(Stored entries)
┌────────
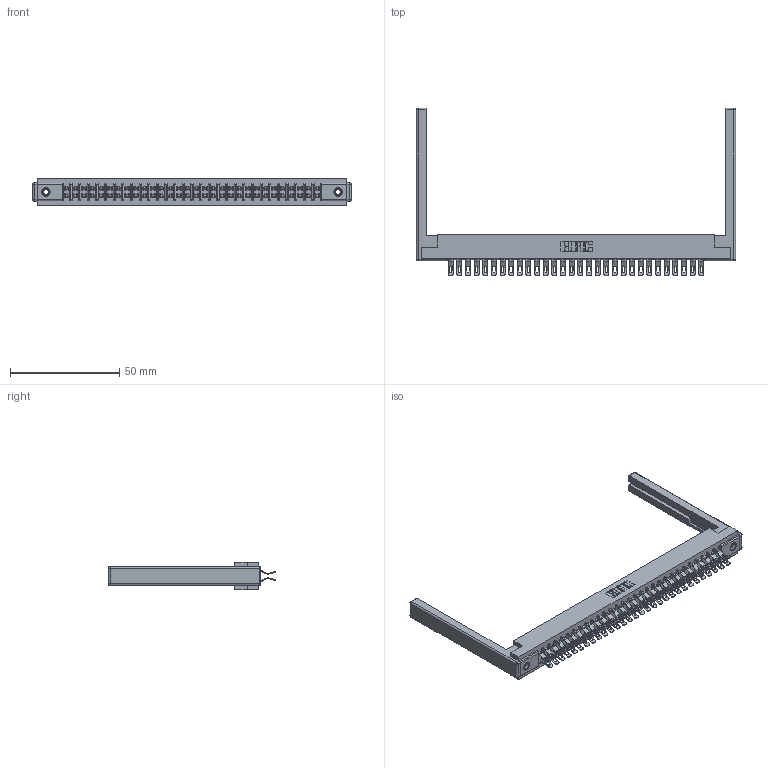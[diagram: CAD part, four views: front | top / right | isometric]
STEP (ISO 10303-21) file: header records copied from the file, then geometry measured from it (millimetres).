
FILE_DESCRIPTION (( 'STEP AP203' ), '1' );
FILE_NAME ('307-060-455-268.STEP', '2020-09-30T15:06:32', ( '' ), ( '' ), 'SwSTEP 2.0', 'SolidWorks 2020', '' );
FILE_SCHEMA (( 'CONFIG_CONTROL_DESIGN' ));
Length unit declared in the file: inch
Products named in the file (5): 307 Part_.156 Dia Mounting Holes; 307-290-001_555; 307-060-455-268; 345-250-001_345-250-001-102; 307-220-068
Assembly tree (65 placements, depth 2):
  307-060-455-268
    307 Part_.156 Dia Mounting Holes
    307-290-001_555  x60
    307-220-068  x2
    345-250-001_345-250-001-102  x2
Bounding box: 146.3 x 76.71 x 12.7 mm (x, y, z)
Volume: 20032 mm3; surface area: 23882.4 mm2
Topology: 65 solids, 65 shells, 3963 faces, 11573 edges, 7530 vertices
Faces by surface type: plane 2198, cylinder 1679, sphere 70, cone 12, torus 4
Entity records: 31454 total; most frequent: CARTESIAN_POINT 5131, ORIENTED_EDGE 5078, DIRECTION 5053, EDGE_CURVE 2539, VECTOR 1929, LINE 1929, VERTEX_POINT 1640, AXIS2_PLACEMENT_3D 1562
└────────
_Try it_. Reproduce each line above that contains "records".

_Exercise output_.
STEP (ISO 10303-21) file: header records copied from the file, then geometry measured from it (millimetres).
Entity records: 31454 total; most frequent: CARTESIAN_POINT 5131, ORIENTED_EDGE 5078, DIRECTION 5053, EDGE_CURVE 2539, VECTOR 1929, LINE 1929, VERTEX_POINT 1640, AXIS2_PLACEMENT_3D 1562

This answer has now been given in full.